┌──

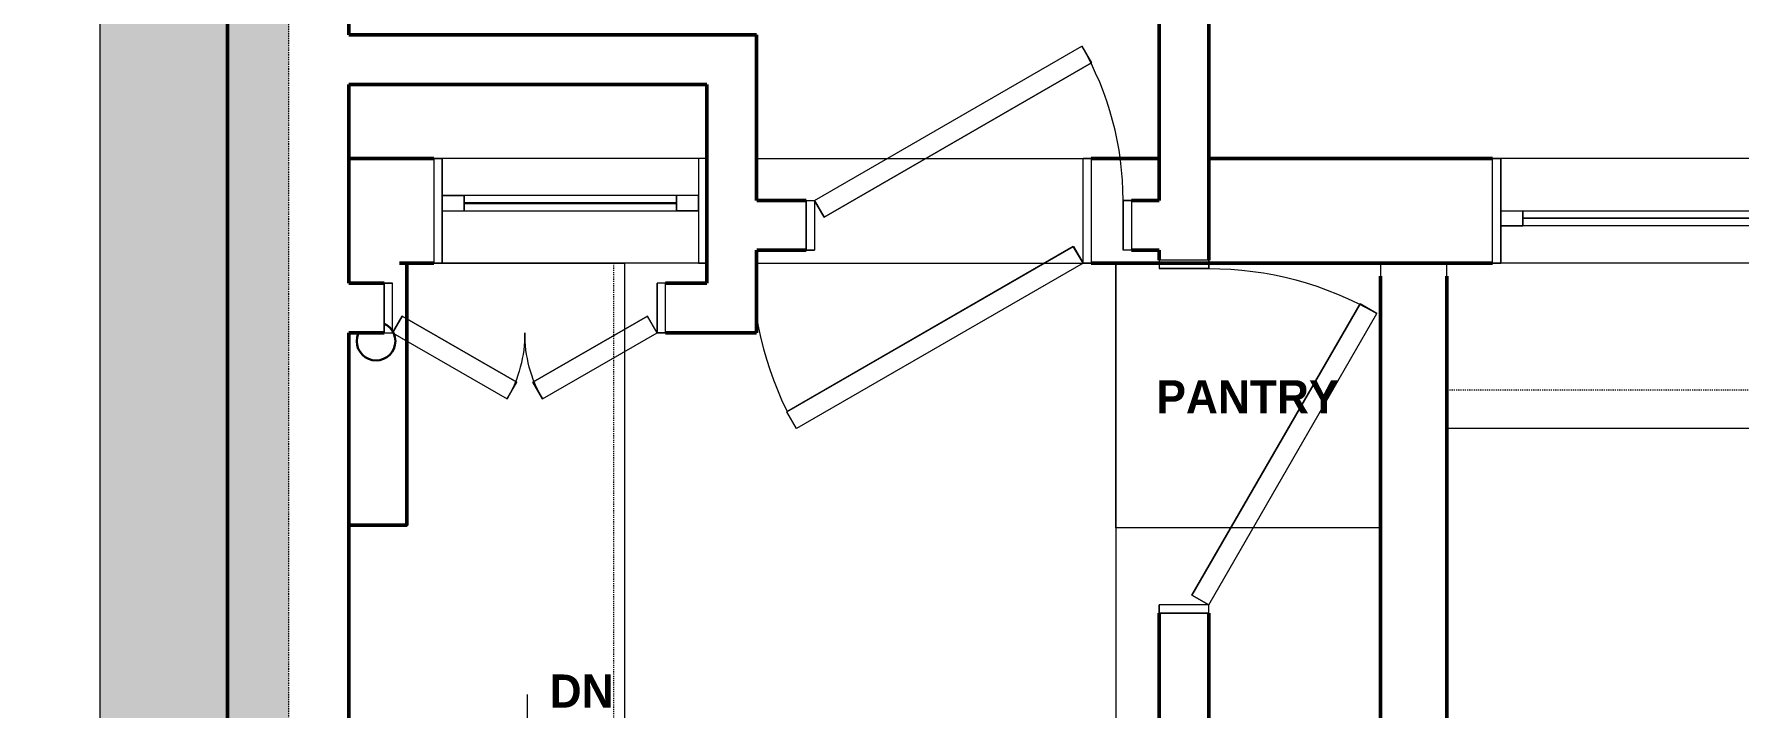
# Model space of a CAD drawing. Header units: inches. Extents: x -961 to 1381, y -1063 to 1035.
# Drawn here: x -283.3 to -128.7, y -580.7 to -519.6 of the extents above; entities that cross this region are included whole.
import ezdxf

# ---------------------------------------------------------------- set-up
doc = ezdxf.new("R2010")
doc.units = ezdxf.units.IN
doc.header["$LTSCALE"] = 0.2
doc.header["$MEASUREMENT"] = 0
doc.linetypes.add('STYLE_01', pattern=[0.41664, 0.20828, -0.20836])
doc.linetypes.add('STYLE_06', pattern=[1.04164, 0.625, -0.20828, 0.06943, -0.13893])
for name, color, linetype, lineweight in [('_MD Elevations (2D)', 7, 'Continuous', 5), ('None', 7, 'Continuous', 5), ('Sills', 7, 'Continuous', 5)]:
    doc.layers.add(name, color=color, linetype=linetype, lineweight=lineweight)
doc.styles.add('Bradley Hand ITC TT-Bold', font='Bradley Hand ITC TT-Bold')

# ---------------------------------------------------------------- blocks, each defined once
blk = doc.blocks.new('Group-67')
at = {"layer": 'None', "color": 7, "linetype": 'Continuous', "lineweight": 5}
for p, q in [((-15.75, 4.75), (-15.75, -4.75)), ((15.75, 4.75), (15.75, -4.75))]:
    blk.add_line(p, q, dxfattribs=at)
blk = doc.blocks.new('Group-68')
at = {"color": 7, "linetype": 'Continuous', "lineweight": 5}
for points in [[(-15.75, 4.75), (-15, 4.75), (-15, -4.75), (-15.75, -4.75)], [(15, 4.75), (15.75, 4.75), (15.75, -4.75), (15, -4.75)]]:
    blk.add_wipeout(points, dxfattribs=at).dxf.layer = 'None'
at = {"layer": 'None', "color": 7, "linetype": 'Continuous', "lineweight": 5}
for points in [[(-15.75, 4.75), (-15, 4.75), (-15, -4.75), (-15.75, -4.75)], [(15, 4.75), (15.75, 4.75), (15.75, -4.75), (15, -4.75)]]:
    blk.add_lwpolyline(points, close=True, dxfattribs=at)
blk = doc.blocks.new('Group-69')
at = {"layer": 'None', "color": 7}
blk.add_blockref('Group-67', (0, 0), dxfattribs=at)
blk.add_blockref('Group-68', (0, 0), dxfattribs=at)
at = {"layer": 'None', "color": 7, "linetype": 'Continuous', "lineweight": 5}
for p, q in [((-15.75, 4.75), (-15, 4.75)), ((-15, 4.75), (-15, -4.75)), ((15.75, 4.75), (15, 4.75)), ((15, 4.75), (15, -4.75)), ((-15.75, -4.75), (-15, -4.75)), ((15.75, -4.75), (15, -4.75))]:
    blk.add_line(p, q, dxfattribs=at)
blk = doc.blocks.new('Group-70')
at = {"layer": 'None', "color": 7, "linetype": 'Continuous', "lineweight": 5}
blk.add_arc((-15, 4.75), 30, 0, 30, dxfattribs=at)
blk = doc.blocks.new('Group-71')
at = {"color": 7, "linetype": 'Continuous', "lineweight": 5}
blk.add_wipeout([(-15, 4.75), (10.98, 19.75), (11.86, 18.23), (-14.13, 3.23)], dxfattribs=at).dxf.layer = 'None'
at = {"layer": 'None', "color": 7, "linetype": 'Continuous', "lineweight": 5}
blk.add_lwpolyline([(-15, 4.75), (10.98, 19.75), (11.86, 18.23), (-14.13, 3.23)], close=True, dxfattribs=at)
blk = doc.blocks.new('Group-72')
at = {"layer": 'None', "color": 7}
blk.add_blockref('Group-71', (0, 0), dxfattribs=at)
at = {"layer": 'None', "color": 7, "linetype": 'Continuous', "lineweight": 5}
for p, q in [((-15, 4.75), (10.98, 19.75)), ((10.98, 19.75), (11.86, 18.23)), ((-14.12, 3.23), (11.86, 18.23)), ((-15, 4.75), (-14.12, 3.23))]:
    blk.add_line(p, q, dxfattribs=at)
blk = doc.blocks.new('Group-73')
at = {"layer": 'Sills'}
blk.add_blockref('Group-72', (0, 0), dxfattribs=at)
blk = doc.blocks.new('Group-74')
at = {"layer": 'None', "color": 7, "linetype": 'Continuous', "lineweight": 5}
for p, q in [((15.75, 4.75), (-15.75, 4.75)), ((15.75, -4.75), (-15.75, -4.75))]:
    blk.add_line(p, q, dxfattribs=at)
blk = doc.blocks.new('Door (2D)-3')
at = {"layer": 'None', "color": 7}
blk.add_blockref('Group-69', (0, 0), dxfattribs=at)
at = {"layer": 'Sills'}
blk.add_blockref('Group-70', (0, 0), dxfattribs=at)
at = {"layer": 'None', "color": 7}
blk.add_blockref('Group-73', (0, 0), dxfattribs=at)
blk.add_blockref('Group-74', (0, 0), dxfattribs=at)
blk = doc.blocks.new('Group-76')
at = {"layer": 'None', "color": 7, "linetype": 'Continuous', "lineweight": 5}
for points in [[(-12.375, 4.75), (-11.625, 4.75), (-11.625, -4.75), (-12.375, -4.75)], [(11.625, 4.75), (12.375, 4.75), (12.375, -4.75), (11.625, -4.75)]]:
    blk.add_lwpolyline(points, close=True, dxfattribs=at)
blk = doc.blocks.new('Group-77')
at = {"layer": 'None', "color": 7, "linetype": 'Continuous', "lineweight": 5}
for p, q in [((-12.375, 4.75), (-11.625, 4.75)), ((-11.625, 4.75), (-11.625, -4.75)), ((12.375, 4.75), (11.625, 4.75)), ((11.625, 4.75), (11.625, -4.75)), ((-12.375, -4.75), (-11.625, -4.75)), ((12.375, -4.75), (11.625, -4.75))]:
    blk.add_line(p, q, dxfattribs=at)
at = {"layer": 'None', "color": 7}
blk.add_blockref('Group-76', (0, 0), dxfattribs=at)
blk = doc.blocks.new('Group-78')
at = {"layer": 'None', "color": 7, "linetype": 'Continuous', "lineweight": 5}
for p, q in [((-11.625, 1.375), (-11.625, 0)), ((11.625, 1.375), (11.625, 0))]:
    blk.add_line(p, q, dxfattribs=at)
blk = doc.blocks.new('Group-79')
at = {"layer": 'None', "color": 7, "linetype": 'Continuous', "lineweight": 5}
for points in [[(-11.625, 1.375), (-9.625, 1.375), (-9.625, 0), (-11.625, 0)], [(9.625, 1.375), (11.625, 1.375), (11.625, 0), (9.625, 0)]]:
    blk.add_lwpolyline(points, close=True, dxfattribs=at)
blk = doc.blocks.new('Group-80')
at = {"layer": 'None', "color": 7, "linetype": 'Continuous', "lineweight": 5}
for p, q in [((-11.625, 1.375), (-9.625, 1.375)), ((-11.625, 0), (-9.625, 0)), ((-9.625, 1.375), (-9.625, 0)), ((11.625, 1.375), (9.625, 1.375)), ((9.625, 1.375), (9.625, 0)), ((11.625, 0), (9.625, 0))]:
    blk.add_line(p, q, dxfattribs=at)
blk.add_lwpolyline([(-9.625, 1.375), (9.625, 1.375), (9.625, 0), (-9.625, 0)], close=True, dxfattribs=at)
at = {"layer": 'None', "color": 7}
for name in ['Group-78', 'Group-79']:
    blk.add_blockref(name, (0, 0), dxfattribs=at)
blk = doc.blocks.new('Group-81')
at = {"layer": 'None', "color": 7, "linetype": 'Continuous', "lineweight": 5}
blk.add_lwpolyline([(-9.625, 0.7125), (9.625, 0.7125), (9.625, 0.6625), (-9.625, 0.6625)], close=True, dxfattribs=at)
blk = doc.blocks.new('Group-82')
at = {"layer": 'None', "color": 7, "linetype": 'Continuous', "lineweight": 5}
for p, q in [((-9.625, 0.7125), (9.625, 0.7125)), ((-9.625, 0.6625), (9.625, 0.6625))]:
    blk.add_line(p, q, dxfattribs=at)
at = {"layer": 'None', "color": 7}
blk.add_blockref('Group-81', (0, 0), dxfattribs=at)
blk = doc.blocks.new('Window (2D)-1')
at = {"color": 7, "linetype": 'Continuous', "lineweight": 5}
blk.add_wipeout([(-12.375, 4.75), (12.375, 4.75), (12.375, -4.75), (-12.375, -4.75)], dxfattribs=at).dxf.layer = 'None'
at = {"layer": 'None', "color": 7, "linetype": 'Continuous', "lineweight": 5}
for p, q in [((-12.375, 4.75), (12.375, 4.75)), ((-12.375, -4.75), (12.375, -4.75))]:
    blk.add_line(p, q, dxfattribs=at)
at = {"layer": 'None', "color": 7}
blk.add_blockref('Group-77', (0, 0), dxfattribs=at)
at = {"layer": 'Sills'}
for name in ['Group-80', 'Group-82']:
    blk.add_blockref(name, (0, 0), dxfattribs=at)
blk = doc.blocks.new('Group-92')
at = {"layer": 'None', "color": 7, "linetype": 'Continuous', "lineweight": 5}
for points in [[(-15.25, 4.75), (-14.5, 4.75), (-14.5, -4.75), (-15.25, -4.75)], [(14.5, 4.75), (15.25, 4.75), (15.25, -4.75), (14.5, -4.75)]]:
    blk.add_lwpolyline(points, close=True, dxfattribs=at)
blk = doc.blocks.new('Group-93')
at = {"layer": 'None', "color": 7, "linetype": 'Continuous', "lineweight": 5}
for p, q in [((-15.25, 4.75), (-14.5, 4.75)), ((-14.5, 4.75), (-14.5, -4.75)), ((15.25, 4.75), (14.5, 4.75)), ((14.5, 4.75), (14.5, -4.75)), ((-15.25, -4.75), (-14.5, -4.75)), ((15.25, -4.75), (14.5, -4.75))]:
    blk.add_line(p, q, dxfattribs=at)
at = {"layer": 'None', "color": 7}
blk.add_blockref('Group-92', (0, 0), dxfattribs=at)
blk = doc.blocks.new('Group-94')
at = {"layer": 'None', "color": 7, "linetype": 'Continuous', "lineweight": 5}
for p, q in [((-14.5, 1.375), (-14.5, 0)), ((14.5, 1.375), (14.5, 0))]:
    blk.add_line(p, q, dxfattribs=at)
blk = doc.blocks.new('Group-95')
at = {"layer": 'None', "color": 7, "linetype": 'Continuous', "lineweight": 5}
for points in [[(-14.5, 1.375), (-12.5, 1.375), (-12.5, 0), (-14.5, 0)], [(12.5, 1.375), (14.5, 1.375), (14.5, 0), (12.5, 0)]]:
    blk.add_lwpolyline(points, close=True, dxfattribs=at)
blk = doc.blocks.new('Group-96')
at = {"layer": 'None', "color": 7, "linetype": 'Continuous', "lineweight": 5}
for p, q in [((-14.5, 1.375), (-12.5, 1.375)), ((-14.5, 0), (-12.5, 0)), ((-12.5, 1.375), (-12.5, 0)), ((14.5, 1.375), (12.5, 1.375)), ((12.5, 1.375), (12.5, 0)), ((14.5, 0), (12.5, 0))]:
    blk.add_line(p, q, dxfattribs=at)
blk.add_lwpolyline([(-12.5, 1.375), (12.5, 1.375), (12.5, 0), (-12.5, 0)], close=True, dxfattribs=at)
at = {"layer": 'None', "color": 7}
for name in ['Group-94', 'Group-95']:
    blk.add_blockref(name, (0, 0), dxfattribs=at)
blk = doc.blocks.new('Group-97')
at = {"layer": 'None', "color": 7, "linetype": 'Continuous', "lineweight": 5}
blk.add_lwpolyline([(-12.5, 0.7125), (12.5, 0.7125), (12.5, 0.6625), (-12.5, 0.6625)], close=True, dxfattribs=at)
blk = doc.blocks.new('Group-98')
at = {"layer": 'None', "color": 7, "linetype": 'Continuous', "lineweight": 5}
for p, q in [((-12.5, 0.7125), (12.5, 0.7125)), ((-12.5, 0.6625), (12.5, 0.6625))]:
    blk.add_line(p, q, dxfattribs=at)
at = {"layer": 'None', "color": 7}
blk.add_blockref('Group-97', (0, 0), dxfattribs=at)
blk = doc.blocks.new('Window (2D)-3')
at = {"color": 7, "linetype": 'Continuous', "lineweight": 5}
blk.add_wipeout([(-15.25, 4.75), (15.25, 4.75), (15.25, -4.75), (-15.25, -4.75)], dxfattribs=at).dxf.layer = 'None'
at = {"layer": 'None', "color": 7, "linetype": 'Continuous', "lineweight": 5}
for p, q in [((-15.25, 4.75), (15.25, 4.75)), ((-15.25, -4.75), (15.25, -4.75))]:
    blk.add_line(p, q, dxfattribs=at)
at = {"layer": 'None', "color": 7}
blk.add_blockref('Group-93', (0, 0), dxfattribs=at)
at = {"layer": 'Sills'}
for name in ['Group-96', 'Group-98']:
    blk.add_blockref(name, (0, 0), dxfattribs=at)
blk = doc.blocks.new('Break Line-1')
at = {"layer": 'None', "color": 7, "linetype": 'Continuous', "lineweight": 20}
blk.add_lwpolyline([(0, 0), (263.25, 0), (264.75, 6), (267.75, -6), (269.25, 0), (532.5, 0)], dxfattribs=at)
blk = doc.blocks.new('Group-165')
at = {"layer": 'None', "color": 7, "linetype": 'Continuous', "lineweight": 50}
for p, q in [((-222.25, -530.84), (-218.88, -530.84)), ((-187.38, -530.84), (-151, -530.84)), ((-222.25, -540.34), (-218.88, -540.34)), ((-187.38, -540.34), (-151, -540.34))]:
    blk.add_line(p, q, dxfattribs=at)
at = {"layer": 'None', "color": 7, "linetype": 'Continuous', "lineweight": 15}
blk.add_line((-185.15, -540.34), (-185.15, -595.99), dxfattribs=at)
at = {"layer": 'None', "color": 7, "rotation": 90}
blk.add_blockref('Break Line-1', (-277.25, -979.01), dxfattribs=at)
at = {"layer": 'None', "color": 7, "insert": (-173.22, -550.95), "char_height": 3.003, "attachment_point": 2, "line_spacing_factor": 1.334659, "style": 'Bradley Hand ITC TT-Bold'}
blk.add_mtext('PANTRY', dxfattribs=at)
at = {"color": 7, "linetype": 'Continuous', "lineweight": 5}
for points in [[(-265.7, -530.84), (-254.7, -540.34), (-254.7, -953.01), (-265.7, -953.01)], [(-155.15, -679.41), (-161.15, -679.41), (-161.15, -541.51), (-155.15, -541.51)]]:
    blk.add_wipeout(points, dxfattribs=at).dxf.layer = 'None'
at = {"layer": 'None', "color": 7, "linetype": 'STYLE_06', "lineweight": 5}
blk.add_line((-260.15, -1016.01), (-260.15, -406.19), dxfattribs=at)
at = {"layer": 'None', "color": 7, "linetype": 'Continuous', "lineweight": 50}
for p, q in [((-265.7, -530.84), (-265.7, -953.01)), ((-265.7, -530.84), (-260.15, -530.84)), ((-254.65, -530.84), (-247, -530.84)), ((-254.7, -540.34), (-254.7, -724.26)), ((-254.7, -540.34), (-247, -540.34)), ((-161.15, -679.41), (-161.15, -541.51)), ((-155.15, -679.41), (-155.15, -541.51))]:
    blk.add_line(p, q, dxfattribs=at)
at = {"layer": 'None', "color": 7, "linetype": 'Continuous', "lineweight": 5}
blk.add_lwpolyline([(-185.15, -540.34), (-161.15, -540.34), (-161.15, -564.34), (-185.15, -564.34)], close=True, dxfattribs=at)
at = {"layer": 'None', "color": 7, "rotation": 180}
for name, p in [('Door (2D)-3', (-203.13, -535.59)), ('Window (2D)-3', (-135.75, -535.59))]:
    blk.add_blockref(name, p, dxfattribs=at)
at = {"layer": 'None', "color": 7, "linetype": 'Continuous', "lineweight": 20}
blk.add_lwpolyline([(-27.65, -540.34), (-27.65, -555.34), (-155.15, -555.34), (-155.15, -540.34)], dxfattribs=at)
at = {"layer": 'None', "color": 7, "linetype": 'STYLE_01', "lineweight": 20}
blk.add_lwpolyline([(-118.4, -551.84), (-155.15, -551.84), (-155.15, -540.34)], dxfattribs=at)
at = {"layer": 'None', "color": 7, "xscale": -1}
blk.add_blockref('Window (2D)-1', (-234.62, -535.59), dxfattribs=at)
at = {"color": 7, "linetype": 'Continuous', "lineweight": 5}
blk.add_wipeout([(-260.15, -530.84), (-265.65, -530.84), (-265.65, -464.01), (-260.15, -458.51)], dxfattribs=at).dxf.layer = 'None'
at = {"color": 7, "linetype": 'Continuous', "lineweight": 50}
blk.add_wipeout([(-254.7, -540.34), (-249.45, -540.34), (-249.45, -564.09), (-254.7, -564.09)], dxfattribs=at).dxf.layer = 'None'
at = {"layer": 'None', "color": 7, "linetype": 'Continuous', "lineweight": 50}
for p, q in [((-260.15, -530.84), (-260.15, -458.51)), ((-265.65, -530.84), (-265.65, -464.01)), ((-247, -530.84), (-260.15, -530.84))]:
    blk.add_line(p, q, dxfattribs=at)
blk.add_lwpolyline([(-254.7, -540.34), (-249.45, -540.34), (-249.45, -564.09), (-254.7, -564.09)], close=True, dxfattribs=at)
at = {"layer": 'None', "color": 7, "linetype": 'STYLE_01', "lineweight": 5}
blk.add_lwpolyline([(-254.7, -540.34), (-230.7, -540.34), (-230.7, -656.09), (-254.7, -656.09)], close=True, dxfattribs=at)
at = {"layer": 'None', "color": 7, "linetype": 'Continuous', "lineweight": 5}
blk.add_lwpolyline([(-254.7, -540.34), (-229.7, -540.34), (-229.7, -656.09), (-254.7, -656.09)], close=True, dxfattribs=at)
at = {"layer": 'None', "color": 7, "linetype": 'Continuous'}
blk.add_solid([(-277.25, -962.51), (-277.25, -458.51), (-260.15, -962.51), (-260.15, -458.51)], dxfattribs=at)
at = {"color": 7, "linetype": 'Continuous', "lineweight": 5}
blk.add_wipeout([(-257.37, -538.78), (-250.12, -538.78), (-250.12, -563.41), (-257.37, -563.41)], dxfattribs=at).dxf.layer = 'None'
at = {"layer": 'None', "color": 7, "linetype": 'Continuous', "lineweight": 30}
blk.add_circle((-252.24, -547.41), 1.75, dxfattribs=at)
blk = doc.blocks.new('Break Line-6')
at = {"layer": 'None', "color": 7, "linetype": 'Continuous', "lineweight": 20}
blk.add_lwpolyline([(0, 0), (263.25, 0), (264.75, 6), (267.75, -6), (269.25, 0), (532.5, 0)], dxfattribs=at)
blk = doc.blocks.new('Group-485')
at = {"layer": 'None', "color": 7, "linetype": 'Continuous', "lineweight": 5}
for p, q in [((-16, 2.25), (-16, -2.25)), ((16, 2.25), (16, -2.25))]:
    blk.add_line(p, q, dxfattribs=at)
blk = doc.blocks.new('Group-486')
at = {"layer": 'None', "color": 7, "linetype": 'Continuous', "lineweight": 5}
for points in [[(-16, 2.25), (-15.25, 2.25), (-15.25, -2.25), (-16, -2.25)], [(15.25, 2.25), (16, 2.25), (16, -2.25), (15.25, -2.25)]]:
    blk.add_lwpolyline(points, close=True, dxfattribs=at)
blk = doc.blocks.new('Group-487')
at = {"layer": 'None', "color": 7, "linetype": 'Continuous', "lineweight": 5}
for p, q in [((-16, 2.25), (-15.25, 2.25)), ((-15.25, 2.25), (-15.25, -2.25)), ((16, 2.25), (15.25, 2.25)), ((15.25, 2.25), (15.25, -2.25)), ((-16, -2.25), (-15.25, -2.25)), ((16, -2.25), (15.25, -2.25))]:
    blk.add_line(p, q, dxfattribs=at)
at = {"layer": 'None', "color": 7}
for name in ['Group-485', 'Group-486']:
    blk.add_blockref(name, (0, 0), dxfattribs=at)
blk = doc.blocks.new('Group-488')
at = {"layer": 'None', "color": 7, "linetype": 'Continuous', "lineweight": 5}
blk.add_arc((-15.25, 2.25), 30.5, 0, 30, dxfattribs=at)
blk = doc.blocks.new('Group-489')
at = {"layer": 'None', "color": 7, "linetype": 'Continuous', "lineweight": 5}
blk.add_lwpolyline([(-15.25, 2.25), (11.16, 17.5), (12.04, 15.98), (-14.38, 0.73)], close=True, dxfattribs=at)
blk = doc.blocks.new('Group-490')
at = {"layer": 'None', "color": 7, "linetype": 'Continuous', "lineweight": 5}
for p, q in [((-15.25, 2.25), (11.16, 17.5)), ((11.16, 17.5), (12.04, 15.98)), ((-14.38, 0.73), (12.04, 15.98)), ((-15.25, 2.25), (-14.38, 0.73))]:
    blk.add_line(p, q, dxfattribs=at)
at = {"layer": 'None', "color": 7}
blk.add_blockref('Group-489', (0, 0), dxfattribs=at)
blk = doc.blocks.new('Group-491')
at = {"layer": 'Sills'}
blk.add_blockref('Group-490', (0, 0), dxfattribs=at)
blk = doc.blocks.new('Door (2D)-19')
at = {"layer": 'None', "color": 7}
for name in ['Group-491', 'Group-487']:
    blk.add_blockref(name, (0, 0), dxfattribs=at)
at = {"layer": 'Sills'}
blk.add_blockref('Group-488', (0, 0), dxfattribs=at)
blk = doc.blocks.new('Group-493')
at = {"layer": 'None', "color": 7, "linetype": 'Continuous', "lineweight": 5}
for p, q in [((-14.75, 2.25), (-14.75, -2.25)), ((14.75, 2.25), (14.75, -2.25))]:
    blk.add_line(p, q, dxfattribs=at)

└──

Provide an exact copy of only the lines from the beginning of the entries through the line containing "-0.20828, 0.06943, -0.13893])", both ends included, with no pictures.

• _Response_:
# Model space of a CAD drawing. Header units: inches. Extents: x -961 to 1381, y -1063 to 1035.
# Drawn here: x -283.3 to -128.7, y -580.7 to -519.6 of the extents above; entities that cross this region are included whole.
import ezdxf

# ---------------------------------------------------------------- set-up
doc = ezdxf.new("R2010")
doc.units = ezdxf.units.IN
doc.header["$LTSCALE"] = 0.2
doc.header["$MEASUREMENT"] = 0
doc.linetypes.add('STYLE_01', pattern=[0.41664, 0.20828, -0.20836])
doc.linetypes.add('STYLE_06', pattern=[1.04164, 0.625, -0.20828, 0.06943, -0.13893])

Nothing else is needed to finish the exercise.